In November 2017, State Legislative races in Virginia provided a stark snapshot of the suburban shift reshaping the 2018 battlefield. On Tuesday, Margaret Good continued that trend by defeating James Buchanan in the special election for Florida House District 72. Good’s overwhelming victory came on the shoulders of unprecedented 36% turnout. For comparison, that’s approximately 19 points higher than a special election in 2014 that covered this same State House district.

But Good’s electoral victory goes a step further in terms of its implications for FL-16: in defeating the son of Vern Buchanan, Florida’s wealthiest Congressman, Good showed that the growing wave coming from the grassroots has the ability to overcome dynastic political families, as well as the threat of unlimited political spending.

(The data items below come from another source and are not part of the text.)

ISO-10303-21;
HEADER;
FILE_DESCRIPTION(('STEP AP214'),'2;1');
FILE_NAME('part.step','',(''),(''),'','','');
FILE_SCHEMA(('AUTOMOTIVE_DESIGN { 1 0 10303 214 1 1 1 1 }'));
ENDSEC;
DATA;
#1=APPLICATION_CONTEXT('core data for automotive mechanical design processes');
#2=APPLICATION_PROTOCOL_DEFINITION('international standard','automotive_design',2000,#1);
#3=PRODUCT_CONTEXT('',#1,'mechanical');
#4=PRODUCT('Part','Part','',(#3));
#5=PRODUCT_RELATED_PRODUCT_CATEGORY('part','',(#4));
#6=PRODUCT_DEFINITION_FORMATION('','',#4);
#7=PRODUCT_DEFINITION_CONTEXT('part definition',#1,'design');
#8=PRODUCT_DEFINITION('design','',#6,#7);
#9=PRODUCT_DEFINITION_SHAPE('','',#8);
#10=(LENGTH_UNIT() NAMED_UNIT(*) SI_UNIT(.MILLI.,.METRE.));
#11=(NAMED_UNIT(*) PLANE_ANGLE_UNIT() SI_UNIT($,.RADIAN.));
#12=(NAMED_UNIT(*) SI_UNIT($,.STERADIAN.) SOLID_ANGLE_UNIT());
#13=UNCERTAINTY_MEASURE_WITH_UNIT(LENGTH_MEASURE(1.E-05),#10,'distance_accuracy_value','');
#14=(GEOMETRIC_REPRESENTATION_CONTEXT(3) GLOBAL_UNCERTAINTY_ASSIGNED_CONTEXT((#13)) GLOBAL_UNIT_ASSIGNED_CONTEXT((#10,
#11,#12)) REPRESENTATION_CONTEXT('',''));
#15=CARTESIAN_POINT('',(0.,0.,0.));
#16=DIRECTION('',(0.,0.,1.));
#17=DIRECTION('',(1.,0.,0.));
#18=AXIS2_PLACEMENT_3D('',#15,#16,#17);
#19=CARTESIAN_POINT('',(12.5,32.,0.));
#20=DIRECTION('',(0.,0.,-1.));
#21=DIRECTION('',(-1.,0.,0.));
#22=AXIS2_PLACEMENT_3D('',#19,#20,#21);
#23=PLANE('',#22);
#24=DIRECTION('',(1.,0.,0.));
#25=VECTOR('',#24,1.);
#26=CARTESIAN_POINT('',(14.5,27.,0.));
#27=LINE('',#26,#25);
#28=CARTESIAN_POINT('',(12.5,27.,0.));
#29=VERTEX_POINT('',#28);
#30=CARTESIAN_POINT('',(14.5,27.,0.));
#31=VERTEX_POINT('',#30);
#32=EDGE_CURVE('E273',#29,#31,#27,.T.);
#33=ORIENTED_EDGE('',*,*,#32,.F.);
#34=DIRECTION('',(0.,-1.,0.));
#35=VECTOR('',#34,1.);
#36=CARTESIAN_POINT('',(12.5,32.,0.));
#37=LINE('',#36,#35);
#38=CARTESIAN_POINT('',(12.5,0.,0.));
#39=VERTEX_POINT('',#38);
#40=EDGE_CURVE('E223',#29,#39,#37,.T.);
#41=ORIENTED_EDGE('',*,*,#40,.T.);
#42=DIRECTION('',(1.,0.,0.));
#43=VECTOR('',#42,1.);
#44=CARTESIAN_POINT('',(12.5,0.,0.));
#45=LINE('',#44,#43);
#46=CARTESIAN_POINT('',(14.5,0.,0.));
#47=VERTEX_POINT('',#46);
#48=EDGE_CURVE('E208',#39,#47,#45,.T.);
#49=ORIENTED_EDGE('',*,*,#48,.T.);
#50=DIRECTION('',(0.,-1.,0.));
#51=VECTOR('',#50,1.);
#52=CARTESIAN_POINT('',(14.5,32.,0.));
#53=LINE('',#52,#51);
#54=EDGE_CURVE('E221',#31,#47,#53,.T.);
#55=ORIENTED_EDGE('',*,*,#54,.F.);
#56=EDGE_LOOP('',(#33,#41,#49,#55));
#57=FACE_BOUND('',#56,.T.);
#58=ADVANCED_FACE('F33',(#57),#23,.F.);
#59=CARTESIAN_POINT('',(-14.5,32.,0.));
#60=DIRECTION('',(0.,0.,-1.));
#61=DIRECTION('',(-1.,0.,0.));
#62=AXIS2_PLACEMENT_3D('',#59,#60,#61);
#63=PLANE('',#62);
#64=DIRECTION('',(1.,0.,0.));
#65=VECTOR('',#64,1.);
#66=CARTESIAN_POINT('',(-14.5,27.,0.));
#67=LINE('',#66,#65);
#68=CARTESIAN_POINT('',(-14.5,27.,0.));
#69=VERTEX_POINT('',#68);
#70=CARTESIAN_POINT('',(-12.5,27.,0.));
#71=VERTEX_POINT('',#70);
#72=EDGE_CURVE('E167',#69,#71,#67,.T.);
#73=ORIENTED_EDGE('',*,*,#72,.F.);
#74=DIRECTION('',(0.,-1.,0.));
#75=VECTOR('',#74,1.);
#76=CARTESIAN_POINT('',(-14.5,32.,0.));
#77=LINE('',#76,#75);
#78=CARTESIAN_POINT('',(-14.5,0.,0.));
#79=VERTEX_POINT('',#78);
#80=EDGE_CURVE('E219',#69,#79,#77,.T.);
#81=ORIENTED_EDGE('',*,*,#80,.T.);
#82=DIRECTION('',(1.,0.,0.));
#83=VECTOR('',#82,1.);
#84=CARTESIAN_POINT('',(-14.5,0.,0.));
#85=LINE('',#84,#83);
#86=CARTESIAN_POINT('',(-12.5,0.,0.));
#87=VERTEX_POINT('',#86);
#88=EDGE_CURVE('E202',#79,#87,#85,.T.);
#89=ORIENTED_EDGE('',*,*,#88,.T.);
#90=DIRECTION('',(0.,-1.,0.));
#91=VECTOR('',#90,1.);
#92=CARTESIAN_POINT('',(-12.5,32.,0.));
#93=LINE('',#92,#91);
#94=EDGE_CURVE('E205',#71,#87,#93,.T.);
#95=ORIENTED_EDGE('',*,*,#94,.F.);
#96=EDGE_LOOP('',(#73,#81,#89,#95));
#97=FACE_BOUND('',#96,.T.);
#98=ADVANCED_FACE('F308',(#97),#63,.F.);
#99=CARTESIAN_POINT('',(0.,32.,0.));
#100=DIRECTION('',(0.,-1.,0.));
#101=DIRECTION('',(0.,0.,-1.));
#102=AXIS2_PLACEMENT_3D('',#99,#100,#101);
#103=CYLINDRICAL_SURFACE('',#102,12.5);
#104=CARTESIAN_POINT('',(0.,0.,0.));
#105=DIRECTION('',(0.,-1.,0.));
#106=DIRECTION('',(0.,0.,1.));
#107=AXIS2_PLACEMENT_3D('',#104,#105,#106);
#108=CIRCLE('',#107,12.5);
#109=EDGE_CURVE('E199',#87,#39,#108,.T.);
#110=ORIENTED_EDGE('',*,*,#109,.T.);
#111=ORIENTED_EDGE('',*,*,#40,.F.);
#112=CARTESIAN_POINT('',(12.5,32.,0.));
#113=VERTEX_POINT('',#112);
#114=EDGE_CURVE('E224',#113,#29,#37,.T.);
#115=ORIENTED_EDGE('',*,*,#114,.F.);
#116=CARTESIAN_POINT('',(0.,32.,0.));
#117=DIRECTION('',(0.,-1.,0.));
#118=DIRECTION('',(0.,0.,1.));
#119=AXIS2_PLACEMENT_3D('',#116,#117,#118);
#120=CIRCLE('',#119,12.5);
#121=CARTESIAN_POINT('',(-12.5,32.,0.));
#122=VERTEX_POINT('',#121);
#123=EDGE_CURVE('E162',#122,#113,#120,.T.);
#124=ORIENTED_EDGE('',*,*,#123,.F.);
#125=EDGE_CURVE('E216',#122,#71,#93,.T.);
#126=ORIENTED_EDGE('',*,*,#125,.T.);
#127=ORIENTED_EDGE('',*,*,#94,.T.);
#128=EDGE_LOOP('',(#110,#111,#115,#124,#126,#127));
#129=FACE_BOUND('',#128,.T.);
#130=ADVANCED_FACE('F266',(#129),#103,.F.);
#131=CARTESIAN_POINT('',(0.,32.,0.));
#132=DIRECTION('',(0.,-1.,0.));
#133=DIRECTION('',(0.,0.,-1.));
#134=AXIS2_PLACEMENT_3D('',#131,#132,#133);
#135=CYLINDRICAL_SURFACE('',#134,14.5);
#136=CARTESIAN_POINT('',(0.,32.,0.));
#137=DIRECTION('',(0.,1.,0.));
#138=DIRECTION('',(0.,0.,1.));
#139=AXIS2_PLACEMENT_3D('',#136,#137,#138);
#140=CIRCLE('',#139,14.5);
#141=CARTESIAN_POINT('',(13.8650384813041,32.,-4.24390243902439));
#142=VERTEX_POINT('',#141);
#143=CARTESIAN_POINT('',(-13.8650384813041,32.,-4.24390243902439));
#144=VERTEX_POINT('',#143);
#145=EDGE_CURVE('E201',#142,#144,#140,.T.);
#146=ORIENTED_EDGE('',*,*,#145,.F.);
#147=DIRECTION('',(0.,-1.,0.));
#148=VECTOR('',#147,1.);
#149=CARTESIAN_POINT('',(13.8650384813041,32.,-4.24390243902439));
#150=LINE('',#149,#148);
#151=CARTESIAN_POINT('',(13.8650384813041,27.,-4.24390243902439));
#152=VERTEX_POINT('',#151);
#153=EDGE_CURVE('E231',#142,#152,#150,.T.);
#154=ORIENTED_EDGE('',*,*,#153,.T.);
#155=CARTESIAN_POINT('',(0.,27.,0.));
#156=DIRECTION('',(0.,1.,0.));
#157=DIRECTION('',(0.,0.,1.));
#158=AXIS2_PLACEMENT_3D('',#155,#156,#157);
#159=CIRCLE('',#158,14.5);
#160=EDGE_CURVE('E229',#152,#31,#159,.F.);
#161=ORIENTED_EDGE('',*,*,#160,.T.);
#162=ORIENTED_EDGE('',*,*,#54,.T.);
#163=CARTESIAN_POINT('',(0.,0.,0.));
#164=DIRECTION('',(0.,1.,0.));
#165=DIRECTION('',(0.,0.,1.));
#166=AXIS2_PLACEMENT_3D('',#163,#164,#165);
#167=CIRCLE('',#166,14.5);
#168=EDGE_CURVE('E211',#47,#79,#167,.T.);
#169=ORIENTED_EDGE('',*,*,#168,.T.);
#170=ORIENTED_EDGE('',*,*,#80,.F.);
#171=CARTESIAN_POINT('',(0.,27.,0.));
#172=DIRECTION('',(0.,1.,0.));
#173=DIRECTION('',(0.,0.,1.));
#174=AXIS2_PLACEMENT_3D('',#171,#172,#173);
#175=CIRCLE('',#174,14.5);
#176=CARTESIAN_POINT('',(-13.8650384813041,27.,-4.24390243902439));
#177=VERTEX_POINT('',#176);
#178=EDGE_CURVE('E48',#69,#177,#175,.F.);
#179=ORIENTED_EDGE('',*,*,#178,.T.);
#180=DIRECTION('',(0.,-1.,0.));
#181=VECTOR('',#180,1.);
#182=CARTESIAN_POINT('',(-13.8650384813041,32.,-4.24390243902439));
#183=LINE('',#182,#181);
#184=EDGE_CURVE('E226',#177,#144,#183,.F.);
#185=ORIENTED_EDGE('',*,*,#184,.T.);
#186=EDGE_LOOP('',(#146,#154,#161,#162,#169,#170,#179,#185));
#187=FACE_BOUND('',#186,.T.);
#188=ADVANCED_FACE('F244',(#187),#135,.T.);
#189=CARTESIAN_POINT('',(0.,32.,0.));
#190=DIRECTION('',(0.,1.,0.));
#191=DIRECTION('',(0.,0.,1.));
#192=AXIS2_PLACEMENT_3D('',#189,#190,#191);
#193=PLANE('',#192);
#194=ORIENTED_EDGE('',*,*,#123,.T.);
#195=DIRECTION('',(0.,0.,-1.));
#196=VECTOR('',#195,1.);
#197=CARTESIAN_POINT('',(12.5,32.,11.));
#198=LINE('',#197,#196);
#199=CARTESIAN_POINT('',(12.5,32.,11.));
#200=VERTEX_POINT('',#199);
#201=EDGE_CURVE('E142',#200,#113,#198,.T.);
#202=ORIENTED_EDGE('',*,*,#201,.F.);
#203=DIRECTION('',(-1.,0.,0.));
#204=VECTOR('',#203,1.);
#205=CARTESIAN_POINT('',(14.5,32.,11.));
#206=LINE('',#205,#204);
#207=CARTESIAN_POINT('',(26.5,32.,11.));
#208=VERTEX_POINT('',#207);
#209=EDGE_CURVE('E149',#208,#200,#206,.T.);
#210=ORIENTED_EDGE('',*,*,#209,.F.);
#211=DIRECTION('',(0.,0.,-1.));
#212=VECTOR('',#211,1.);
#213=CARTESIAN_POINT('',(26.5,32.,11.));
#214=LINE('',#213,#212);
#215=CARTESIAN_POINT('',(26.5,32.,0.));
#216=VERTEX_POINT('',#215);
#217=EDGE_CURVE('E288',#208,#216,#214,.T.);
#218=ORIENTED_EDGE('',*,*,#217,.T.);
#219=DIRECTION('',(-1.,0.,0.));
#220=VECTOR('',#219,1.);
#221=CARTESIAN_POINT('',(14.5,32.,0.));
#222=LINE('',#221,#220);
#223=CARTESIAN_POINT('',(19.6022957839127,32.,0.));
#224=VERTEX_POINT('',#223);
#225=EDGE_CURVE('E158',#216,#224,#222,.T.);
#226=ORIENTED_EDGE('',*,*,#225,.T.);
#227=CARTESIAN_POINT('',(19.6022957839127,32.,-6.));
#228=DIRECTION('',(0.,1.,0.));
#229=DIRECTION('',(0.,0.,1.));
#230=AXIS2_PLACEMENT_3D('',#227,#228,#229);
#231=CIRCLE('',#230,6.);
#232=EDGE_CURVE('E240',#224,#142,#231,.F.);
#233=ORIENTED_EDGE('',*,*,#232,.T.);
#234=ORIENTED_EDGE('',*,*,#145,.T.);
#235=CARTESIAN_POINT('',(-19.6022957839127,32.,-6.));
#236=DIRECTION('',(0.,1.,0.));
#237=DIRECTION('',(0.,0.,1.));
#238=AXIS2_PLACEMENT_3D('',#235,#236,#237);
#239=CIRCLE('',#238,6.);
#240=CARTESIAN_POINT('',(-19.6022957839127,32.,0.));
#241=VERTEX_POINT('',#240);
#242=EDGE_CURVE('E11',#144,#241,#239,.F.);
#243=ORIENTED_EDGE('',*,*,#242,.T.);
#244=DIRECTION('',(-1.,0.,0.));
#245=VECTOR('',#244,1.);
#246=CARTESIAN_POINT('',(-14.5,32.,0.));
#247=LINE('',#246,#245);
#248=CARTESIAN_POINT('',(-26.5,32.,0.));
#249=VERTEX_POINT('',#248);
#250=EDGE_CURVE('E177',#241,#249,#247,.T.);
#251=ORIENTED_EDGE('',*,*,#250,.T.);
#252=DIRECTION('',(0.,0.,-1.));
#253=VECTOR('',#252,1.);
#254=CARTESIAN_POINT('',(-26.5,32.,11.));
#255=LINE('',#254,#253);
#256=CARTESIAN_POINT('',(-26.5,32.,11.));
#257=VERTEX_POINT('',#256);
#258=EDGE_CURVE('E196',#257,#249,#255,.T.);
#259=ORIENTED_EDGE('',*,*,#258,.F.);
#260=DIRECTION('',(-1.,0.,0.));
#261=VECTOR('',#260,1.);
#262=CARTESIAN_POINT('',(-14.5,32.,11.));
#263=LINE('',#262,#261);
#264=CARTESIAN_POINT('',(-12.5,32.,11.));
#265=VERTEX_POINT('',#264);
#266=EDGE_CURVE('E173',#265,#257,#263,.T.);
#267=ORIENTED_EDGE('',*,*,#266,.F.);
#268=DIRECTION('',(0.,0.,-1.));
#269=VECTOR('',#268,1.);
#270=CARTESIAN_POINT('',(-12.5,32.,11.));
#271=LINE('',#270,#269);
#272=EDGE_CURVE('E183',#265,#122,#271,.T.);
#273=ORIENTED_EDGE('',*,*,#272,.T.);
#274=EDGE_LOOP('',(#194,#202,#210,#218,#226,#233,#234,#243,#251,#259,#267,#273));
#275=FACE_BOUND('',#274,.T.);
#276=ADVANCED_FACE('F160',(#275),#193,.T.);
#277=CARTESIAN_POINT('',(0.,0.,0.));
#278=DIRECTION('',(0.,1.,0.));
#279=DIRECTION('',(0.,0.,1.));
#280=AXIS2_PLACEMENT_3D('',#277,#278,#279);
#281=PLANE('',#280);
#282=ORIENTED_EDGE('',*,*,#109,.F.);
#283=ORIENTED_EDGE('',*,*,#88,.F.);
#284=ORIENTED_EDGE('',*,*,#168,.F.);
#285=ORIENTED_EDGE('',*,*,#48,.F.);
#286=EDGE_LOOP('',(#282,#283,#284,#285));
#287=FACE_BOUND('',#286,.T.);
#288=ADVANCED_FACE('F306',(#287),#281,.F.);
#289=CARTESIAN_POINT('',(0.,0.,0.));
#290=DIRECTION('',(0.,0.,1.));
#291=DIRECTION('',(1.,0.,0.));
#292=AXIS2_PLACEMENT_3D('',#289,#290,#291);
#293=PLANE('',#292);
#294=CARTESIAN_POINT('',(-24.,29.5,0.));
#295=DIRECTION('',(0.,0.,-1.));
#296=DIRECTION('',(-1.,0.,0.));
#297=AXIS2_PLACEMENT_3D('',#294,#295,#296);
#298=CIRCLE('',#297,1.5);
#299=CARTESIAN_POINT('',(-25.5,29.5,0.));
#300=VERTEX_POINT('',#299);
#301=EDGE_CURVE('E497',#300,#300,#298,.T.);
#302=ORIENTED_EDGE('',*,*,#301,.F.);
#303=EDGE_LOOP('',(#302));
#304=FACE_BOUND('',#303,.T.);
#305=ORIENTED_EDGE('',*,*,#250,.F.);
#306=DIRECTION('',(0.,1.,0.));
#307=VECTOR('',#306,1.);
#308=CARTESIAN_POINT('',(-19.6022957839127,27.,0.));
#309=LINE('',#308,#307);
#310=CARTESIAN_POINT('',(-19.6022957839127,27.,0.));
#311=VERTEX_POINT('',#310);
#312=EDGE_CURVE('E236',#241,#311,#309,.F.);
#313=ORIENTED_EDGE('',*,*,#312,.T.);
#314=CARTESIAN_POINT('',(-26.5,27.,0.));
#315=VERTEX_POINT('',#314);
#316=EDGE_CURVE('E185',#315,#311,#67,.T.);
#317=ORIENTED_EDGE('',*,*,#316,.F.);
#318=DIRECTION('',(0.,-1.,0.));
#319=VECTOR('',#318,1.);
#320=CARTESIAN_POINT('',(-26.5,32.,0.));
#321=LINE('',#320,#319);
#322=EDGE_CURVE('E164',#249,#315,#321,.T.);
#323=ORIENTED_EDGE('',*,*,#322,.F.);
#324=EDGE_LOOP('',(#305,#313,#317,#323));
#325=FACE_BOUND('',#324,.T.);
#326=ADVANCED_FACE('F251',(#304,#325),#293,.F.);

In sharp contrast to previous posturing from Washington Republicans, Vern Buchanan woke up Wednesday in choppy political waters. Based on Tuesday’s results it is clear that the Buchanan name only gets you so far these days, as establishment Republicans in Washington continue to sink in popularity.


HD 72 makes up 21.6% of the 16th congressional district and is similar in partisan makeup to FL-16 as a whole. Where HD 72 saw a 12-point swing between 2016 and 2018, a similar swing in FL-16 puts Dave Shapiro in a strong position to win in November.

  Congressional District 16 State House District 72 Difference
Total Registration 552,015 122,615  
Democrat 32.1% 32.3% +0.2 pts
Independent 26.4% 25.6% -0.8 pts
Republican 41.5% 42.1% +0.6 pts

Beyond simple comparisons of party registration, FL-16 and the HD72 portion within FL-16 are comparable by educational achievement and socio-economic status. As a whole, FL-16 is more diverse than HD72. In a race that was understood well before election day as a referendum on the strength of Congressman Vern Buchanan’s brand, that similarity in makeup of the district, down to its core demographic features, starts to demonstrate that the problems James Buchanan faced in HD 72 will likely be reflected in Congressman Buchanan’s own race in FL-16 in November.
Grassroots energy is real, even in supposed Republican bastions like FL-16. Virginia’s House of Delegates, Missouri’s special election last week, and now HD72; enough said.
The Buchanan name may not be worth all that much, especially when it’s tied to an unpopular and out-of-touch agenda. The fact that James Buchanan couldn’t skate to a win in his dad’s own Congressional backyard is all the proof you need. In case you need more, however, take a minute to read this recent Miami Herald deep dive into how well Congressman Buchanan would do under his party’s tax bill: “Wealthy Florida Republican likely to benefit from estate tax repeal.”

Grassroots fundraising matters. Margaret Good outraised James Buchanan in the final days of the HD72 special election. In comparison to Good’s late surge, David Shapiro had already outraised Vern Buchanan after his first quarter as a Congressional candidate. And while James Buchanan was a new candidate riding his dad’s “coattails,” Vern Buchanan is a six-term Congressman who has spent the last decade ingratiating himself with the Washington special interests at the core of voters’ dissatisfaction with Washington. An even better sign for Shapiro, his over $250,000 raised in Q4 of 2017 came from nearly 590 individual contributions.

FL-16 is a race to watch [and it has been for a while]. In early February, even before Tuesday’s special election, the Cook Political Report shifted FL-16 towards the Democratic column. They highlighted both Shapiro’s strength as a well-known local attorney, and Buchanan’s past tight races in similar wave like years. Now that Dave Shapiro is off to a strong start and James Buchanan lost a race that he thought he was born into, look for FL-16 to garner even more national attention.